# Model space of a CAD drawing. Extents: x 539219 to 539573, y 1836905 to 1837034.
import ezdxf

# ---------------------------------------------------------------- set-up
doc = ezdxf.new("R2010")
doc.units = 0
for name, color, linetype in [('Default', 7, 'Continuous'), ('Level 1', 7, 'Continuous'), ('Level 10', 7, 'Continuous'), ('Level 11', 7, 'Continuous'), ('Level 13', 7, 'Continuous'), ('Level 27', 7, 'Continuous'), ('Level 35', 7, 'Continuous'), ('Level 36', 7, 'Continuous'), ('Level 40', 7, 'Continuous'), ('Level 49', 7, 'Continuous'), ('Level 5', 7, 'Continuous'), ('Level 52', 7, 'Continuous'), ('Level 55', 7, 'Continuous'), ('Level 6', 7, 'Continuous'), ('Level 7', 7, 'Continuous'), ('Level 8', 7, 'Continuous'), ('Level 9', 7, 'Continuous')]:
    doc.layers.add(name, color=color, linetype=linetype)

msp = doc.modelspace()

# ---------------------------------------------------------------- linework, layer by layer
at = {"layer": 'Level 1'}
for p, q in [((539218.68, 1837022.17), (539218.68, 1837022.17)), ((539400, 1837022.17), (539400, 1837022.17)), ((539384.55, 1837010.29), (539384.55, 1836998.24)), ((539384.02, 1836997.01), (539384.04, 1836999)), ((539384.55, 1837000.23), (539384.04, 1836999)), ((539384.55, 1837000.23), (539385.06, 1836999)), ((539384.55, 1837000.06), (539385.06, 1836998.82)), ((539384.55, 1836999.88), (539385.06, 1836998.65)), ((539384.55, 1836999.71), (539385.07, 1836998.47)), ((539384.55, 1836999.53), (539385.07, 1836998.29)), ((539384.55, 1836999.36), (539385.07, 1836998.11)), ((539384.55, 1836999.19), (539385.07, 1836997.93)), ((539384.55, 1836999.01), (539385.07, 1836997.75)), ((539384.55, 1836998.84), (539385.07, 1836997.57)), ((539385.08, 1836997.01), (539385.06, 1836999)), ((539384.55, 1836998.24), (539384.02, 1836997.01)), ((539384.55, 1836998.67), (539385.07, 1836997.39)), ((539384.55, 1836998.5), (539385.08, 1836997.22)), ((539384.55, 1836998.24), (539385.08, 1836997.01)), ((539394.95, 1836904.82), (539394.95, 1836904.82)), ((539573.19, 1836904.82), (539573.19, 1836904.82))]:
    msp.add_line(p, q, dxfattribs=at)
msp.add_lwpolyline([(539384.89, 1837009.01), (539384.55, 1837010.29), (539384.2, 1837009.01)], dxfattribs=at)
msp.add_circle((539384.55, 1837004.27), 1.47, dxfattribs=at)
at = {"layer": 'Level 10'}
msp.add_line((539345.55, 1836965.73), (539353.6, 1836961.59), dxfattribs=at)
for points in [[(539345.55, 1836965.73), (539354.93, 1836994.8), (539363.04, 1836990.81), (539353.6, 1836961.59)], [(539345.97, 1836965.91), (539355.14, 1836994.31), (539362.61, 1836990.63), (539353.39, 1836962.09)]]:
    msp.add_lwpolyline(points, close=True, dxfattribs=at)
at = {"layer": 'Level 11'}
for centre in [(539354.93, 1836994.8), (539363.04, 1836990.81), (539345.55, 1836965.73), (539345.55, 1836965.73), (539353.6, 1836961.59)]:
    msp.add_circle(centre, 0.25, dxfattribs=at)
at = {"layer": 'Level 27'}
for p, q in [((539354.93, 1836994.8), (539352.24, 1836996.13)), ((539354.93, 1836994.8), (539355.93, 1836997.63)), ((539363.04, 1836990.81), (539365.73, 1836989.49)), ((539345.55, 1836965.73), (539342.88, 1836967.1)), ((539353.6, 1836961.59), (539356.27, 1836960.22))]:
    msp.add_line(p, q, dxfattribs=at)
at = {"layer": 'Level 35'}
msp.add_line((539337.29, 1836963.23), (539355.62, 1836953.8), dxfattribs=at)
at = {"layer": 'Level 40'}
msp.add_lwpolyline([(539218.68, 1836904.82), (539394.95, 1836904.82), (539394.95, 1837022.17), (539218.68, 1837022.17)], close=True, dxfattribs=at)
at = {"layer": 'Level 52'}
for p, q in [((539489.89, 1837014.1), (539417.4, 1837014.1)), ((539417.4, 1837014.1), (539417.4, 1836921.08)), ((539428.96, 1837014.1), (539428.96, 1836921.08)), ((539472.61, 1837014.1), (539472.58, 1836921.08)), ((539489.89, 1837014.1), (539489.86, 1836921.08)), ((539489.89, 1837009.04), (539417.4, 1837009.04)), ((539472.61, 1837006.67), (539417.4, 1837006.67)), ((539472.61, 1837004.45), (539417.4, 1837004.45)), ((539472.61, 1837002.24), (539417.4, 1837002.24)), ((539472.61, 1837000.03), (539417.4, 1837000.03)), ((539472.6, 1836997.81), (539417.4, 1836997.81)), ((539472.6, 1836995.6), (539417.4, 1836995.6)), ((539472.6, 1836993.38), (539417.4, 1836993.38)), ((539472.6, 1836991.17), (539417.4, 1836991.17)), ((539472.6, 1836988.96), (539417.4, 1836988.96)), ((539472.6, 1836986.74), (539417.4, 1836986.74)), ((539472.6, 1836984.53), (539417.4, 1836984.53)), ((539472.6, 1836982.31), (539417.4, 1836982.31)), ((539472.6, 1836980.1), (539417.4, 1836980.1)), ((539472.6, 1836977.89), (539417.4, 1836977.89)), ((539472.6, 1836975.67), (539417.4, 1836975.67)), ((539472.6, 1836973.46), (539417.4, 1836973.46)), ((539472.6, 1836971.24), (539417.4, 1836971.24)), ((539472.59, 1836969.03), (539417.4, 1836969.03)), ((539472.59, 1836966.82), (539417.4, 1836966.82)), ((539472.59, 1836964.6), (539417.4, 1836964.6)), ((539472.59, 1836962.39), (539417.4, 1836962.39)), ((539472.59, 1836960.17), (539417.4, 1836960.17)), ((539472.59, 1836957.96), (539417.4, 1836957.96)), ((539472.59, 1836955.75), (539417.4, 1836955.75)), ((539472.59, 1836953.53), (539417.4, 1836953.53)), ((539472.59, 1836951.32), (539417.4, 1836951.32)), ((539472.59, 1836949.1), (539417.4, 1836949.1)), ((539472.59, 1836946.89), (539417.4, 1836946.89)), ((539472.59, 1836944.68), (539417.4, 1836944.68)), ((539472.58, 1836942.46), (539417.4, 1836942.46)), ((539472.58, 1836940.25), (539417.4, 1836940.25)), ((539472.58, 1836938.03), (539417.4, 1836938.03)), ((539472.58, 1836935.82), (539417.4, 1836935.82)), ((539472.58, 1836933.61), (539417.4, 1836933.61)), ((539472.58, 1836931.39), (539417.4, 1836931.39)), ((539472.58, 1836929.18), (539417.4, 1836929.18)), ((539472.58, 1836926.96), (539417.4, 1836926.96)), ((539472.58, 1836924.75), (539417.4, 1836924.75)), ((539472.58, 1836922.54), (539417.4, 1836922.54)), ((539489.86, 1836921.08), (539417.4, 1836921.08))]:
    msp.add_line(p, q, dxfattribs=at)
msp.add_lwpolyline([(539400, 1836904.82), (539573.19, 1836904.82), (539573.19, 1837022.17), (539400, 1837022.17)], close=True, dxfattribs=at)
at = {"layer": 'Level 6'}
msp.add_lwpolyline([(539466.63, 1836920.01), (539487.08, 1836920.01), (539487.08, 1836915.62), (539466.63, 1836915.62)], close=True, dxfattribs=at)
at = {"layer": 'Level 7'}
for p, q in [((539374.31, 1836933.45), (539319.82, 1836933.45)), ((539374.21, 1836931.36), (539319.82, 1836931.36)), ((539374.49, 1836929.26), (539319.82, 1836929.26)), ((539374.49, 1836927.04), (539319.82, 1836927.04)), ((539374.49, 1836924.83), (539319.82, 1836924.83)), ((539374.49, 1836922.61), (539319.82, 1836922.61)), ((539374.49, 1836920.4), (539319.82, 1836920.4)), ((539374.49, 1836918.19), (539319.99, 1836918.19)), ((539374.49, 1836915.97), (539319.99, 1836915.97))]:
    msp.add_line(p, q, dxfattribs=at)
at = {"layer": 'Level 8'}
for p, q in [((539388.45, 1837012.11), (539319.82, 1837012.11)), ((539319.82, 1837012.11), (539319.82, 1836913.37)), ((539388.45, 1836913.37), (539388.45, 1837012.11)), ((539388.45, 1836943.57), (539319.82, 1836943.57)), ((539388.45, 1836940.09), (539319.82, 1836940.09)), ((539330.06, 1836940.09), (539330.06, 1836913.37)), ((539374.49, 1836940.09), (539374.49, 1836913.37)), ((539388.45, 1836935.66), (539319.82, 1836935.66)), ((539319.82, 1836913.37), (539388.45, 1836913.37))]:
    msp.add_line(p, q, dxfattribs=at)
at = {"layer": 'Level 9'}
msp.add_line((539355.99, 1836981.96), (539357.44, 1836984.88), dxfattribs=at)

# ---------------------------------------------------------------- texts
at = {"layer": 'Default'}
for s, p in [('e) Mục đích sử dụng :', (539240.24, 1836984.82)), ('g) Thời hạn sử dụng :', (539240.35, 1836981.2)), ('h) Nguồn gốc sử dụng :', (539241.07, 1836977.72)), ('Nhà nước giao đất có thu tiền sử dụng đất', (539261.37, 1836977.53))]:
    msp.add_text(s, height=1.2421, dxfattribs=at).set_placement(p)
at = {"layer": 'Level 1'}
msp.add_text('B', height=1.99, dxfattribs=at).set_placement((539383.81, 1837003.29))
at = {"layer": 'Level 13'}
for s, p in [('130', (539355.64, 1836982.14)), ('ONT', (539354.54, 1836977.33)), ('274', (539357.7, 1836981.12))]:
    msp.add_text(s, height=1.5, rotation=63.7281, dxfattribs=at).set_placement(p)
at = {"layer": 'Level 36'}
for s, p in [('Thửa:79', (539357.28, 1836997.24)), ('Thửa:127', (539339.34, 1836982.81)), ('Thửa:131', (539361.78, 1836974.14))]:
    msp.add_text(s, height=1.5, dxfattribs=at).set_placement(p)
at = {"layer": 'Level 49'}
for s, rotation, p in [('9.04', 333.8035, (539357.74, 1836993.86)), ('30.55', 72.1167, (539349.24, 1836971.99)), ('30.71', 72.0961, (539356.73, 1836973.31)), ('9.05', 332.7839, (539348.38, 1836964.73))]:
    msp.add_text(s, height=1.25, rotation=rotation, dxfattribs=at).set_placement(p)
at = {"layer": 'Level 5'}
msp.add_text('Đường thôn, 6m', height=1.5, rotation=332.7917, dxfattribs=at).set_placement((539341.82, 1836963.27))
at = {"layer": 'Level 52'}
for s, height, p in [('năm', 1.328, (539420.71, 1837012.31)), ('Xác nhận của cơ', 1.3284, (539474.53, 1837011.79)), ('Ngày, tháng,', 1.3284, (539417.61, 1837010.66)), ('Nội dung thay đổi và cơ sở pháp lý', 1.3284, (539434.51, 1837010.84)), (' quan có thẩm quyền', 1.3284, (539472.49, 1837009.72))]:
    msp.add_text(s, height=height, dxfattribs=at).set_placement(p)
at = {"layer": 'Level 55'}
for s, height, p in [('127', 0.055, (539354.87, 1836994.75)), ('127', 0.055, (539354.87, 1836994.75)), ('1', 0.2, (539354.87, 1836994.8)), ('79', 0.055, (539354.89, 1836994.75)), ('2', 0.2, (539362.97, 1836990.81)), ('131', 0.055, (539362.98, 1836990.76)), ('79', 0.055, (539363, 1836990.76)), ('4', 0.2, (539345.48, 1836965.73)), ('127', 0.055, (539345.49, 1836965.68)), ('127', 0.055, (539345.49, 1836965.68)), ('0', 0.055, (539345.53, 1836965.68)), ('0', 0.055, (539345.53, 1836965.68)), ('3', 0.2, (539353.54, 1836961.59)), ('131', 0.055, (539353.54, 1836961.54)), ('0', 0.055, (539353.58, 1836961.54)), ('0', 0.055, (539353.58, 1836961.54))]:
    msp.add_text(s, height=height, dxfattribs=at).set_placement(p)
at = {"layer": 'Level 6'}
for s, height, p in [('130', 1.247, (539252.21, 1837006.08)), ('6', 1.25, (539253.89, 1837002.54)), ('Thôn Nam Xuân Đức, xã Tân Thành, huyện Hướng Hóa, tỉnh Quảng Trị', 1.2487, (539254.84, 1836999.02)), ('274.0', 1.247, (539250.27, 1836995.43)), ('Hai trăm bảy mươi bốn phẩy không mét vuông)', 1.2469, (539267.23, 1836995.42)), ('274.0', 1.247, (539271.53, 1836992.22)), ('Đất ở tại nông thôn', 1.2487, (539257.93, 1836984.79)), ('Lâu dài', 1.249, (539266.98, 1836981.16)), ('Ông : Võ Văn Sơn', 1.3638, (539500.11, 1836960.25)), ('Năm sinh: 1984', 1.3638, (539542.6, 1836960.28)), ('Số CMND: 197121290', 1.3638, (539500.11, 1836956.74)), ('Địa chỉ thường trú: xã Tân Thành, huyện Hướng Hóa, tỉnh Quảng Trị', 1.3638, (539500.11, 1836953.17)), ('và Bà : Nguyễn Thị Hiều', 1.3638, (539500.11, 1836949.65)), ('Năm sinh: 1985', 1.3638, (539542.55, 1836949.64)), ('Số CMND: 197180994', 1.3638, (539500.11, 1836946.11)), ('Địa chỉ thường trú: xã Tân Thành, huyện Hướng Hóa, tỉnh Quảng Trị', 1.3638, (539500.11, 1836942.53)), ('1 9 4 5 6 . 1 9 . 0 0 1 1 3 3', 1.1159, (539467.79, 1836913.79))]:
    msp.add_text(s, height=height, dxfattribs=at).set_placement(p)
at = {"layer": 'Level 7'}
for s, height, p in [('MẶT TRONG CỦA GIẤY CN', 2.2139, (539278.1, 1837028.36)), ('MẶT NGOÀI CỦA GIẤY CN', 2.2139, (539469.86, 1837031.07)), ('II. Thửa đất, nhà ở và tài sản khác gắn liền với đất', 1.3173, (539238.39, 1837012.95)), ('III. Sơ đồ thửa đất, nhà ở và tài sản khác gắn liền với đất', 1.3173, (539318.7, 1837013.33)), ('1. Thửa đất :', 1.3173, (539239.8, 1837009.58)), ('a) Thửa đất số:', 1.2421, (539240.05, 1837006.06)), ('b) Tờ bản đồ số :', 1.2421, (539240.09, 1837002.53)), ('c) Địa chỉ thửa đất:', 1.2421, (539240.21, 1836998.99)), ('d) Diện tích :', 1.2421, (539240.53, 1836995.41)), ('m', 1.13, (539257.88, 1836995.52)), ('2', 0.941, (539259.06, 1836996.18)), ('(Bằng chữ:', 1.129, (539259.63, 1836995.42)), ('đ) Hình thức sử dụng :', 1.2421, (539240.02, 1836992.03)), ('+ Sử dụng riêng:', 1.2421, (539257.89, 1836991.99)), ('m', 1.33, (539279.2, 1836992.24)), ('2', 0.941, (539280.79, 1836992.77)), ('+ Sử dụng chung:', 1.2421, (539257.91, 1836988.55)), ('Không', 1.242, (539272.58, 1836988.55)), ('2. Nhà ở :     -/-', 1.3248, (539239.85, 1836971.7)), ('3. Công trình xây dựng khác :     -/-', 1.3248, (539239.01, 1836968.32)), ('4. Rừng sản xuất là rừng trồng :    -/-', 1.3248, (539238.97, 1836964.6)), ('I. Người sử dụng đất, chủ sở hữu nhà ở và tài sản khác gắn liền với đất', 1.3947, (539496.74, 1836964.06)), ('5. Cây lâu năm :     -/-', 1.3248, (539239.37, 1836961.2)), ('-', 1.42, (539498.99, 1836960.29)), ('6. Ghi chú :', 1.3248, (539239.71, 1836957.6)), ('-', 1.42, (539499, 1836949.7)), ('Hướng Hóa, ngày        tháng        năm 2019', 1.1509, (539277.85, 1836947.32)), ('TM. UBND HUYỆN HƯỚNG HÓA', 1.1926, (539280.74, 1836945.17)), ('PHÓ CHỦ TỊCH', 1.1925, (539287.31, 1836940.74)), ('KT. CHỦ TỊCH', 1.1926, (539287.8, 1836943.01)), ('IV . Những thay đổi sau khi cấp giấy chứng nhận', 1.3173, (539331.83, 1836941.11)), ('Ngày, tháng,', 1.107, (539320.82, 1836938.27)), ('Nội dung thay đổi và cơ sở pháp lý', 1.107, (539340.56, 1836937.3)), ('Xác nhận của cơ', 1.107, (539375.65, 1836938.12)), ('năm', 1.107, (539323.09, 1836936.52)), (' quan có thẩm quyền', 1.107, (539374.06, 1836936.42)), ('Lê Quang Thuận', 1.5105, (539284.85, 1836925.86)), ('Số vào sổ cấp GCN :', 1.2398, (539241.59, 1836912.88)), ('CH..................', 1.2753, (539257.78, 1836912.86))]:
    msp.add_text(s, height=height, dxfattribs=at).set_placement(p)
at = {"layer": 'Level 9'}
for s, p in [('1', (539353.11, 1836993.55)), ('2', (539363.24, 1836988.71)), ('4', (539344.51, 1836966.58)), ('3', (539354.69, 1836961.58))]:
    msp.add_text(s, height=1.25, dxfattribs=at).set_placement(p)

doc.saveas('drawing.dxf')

· · · · · · ·

TASK = Could you find each line in the entries that contains the string "linetype" and copy it?

COMPLETED EXERCISE =
for name, color, linetype in [('Default', 7, 'Continuous'), ('Level 1', 7, 'Continuous'), ('Level 10', 7, 'Continuous'), ('Level 11', 7, 'Continuous'), ('Level 13', 7, 'Continuous'), ('Level 27', 7, 'Continuous'), ('Level 35', 7, 'Continuous'), ('Level 36', 7, 'Continuous'), ('Level 40', 7, 'Continuous'), ('Level 49', 7, 'Continuous'), ('Level 5', 7, 'Continuous'), ('Level 52', 7, 'Continuous'), ('Level 55', 7, 'Continuous'), ('Level 6', 7, 'Continuous'), ('Level 7', 7, 'Continuous'), ('Level 8', 7, 'Continuous'), ('Level 9', 7, 'Continuous')]:
    doc.layers.add(name, color=color, linetype=linetype)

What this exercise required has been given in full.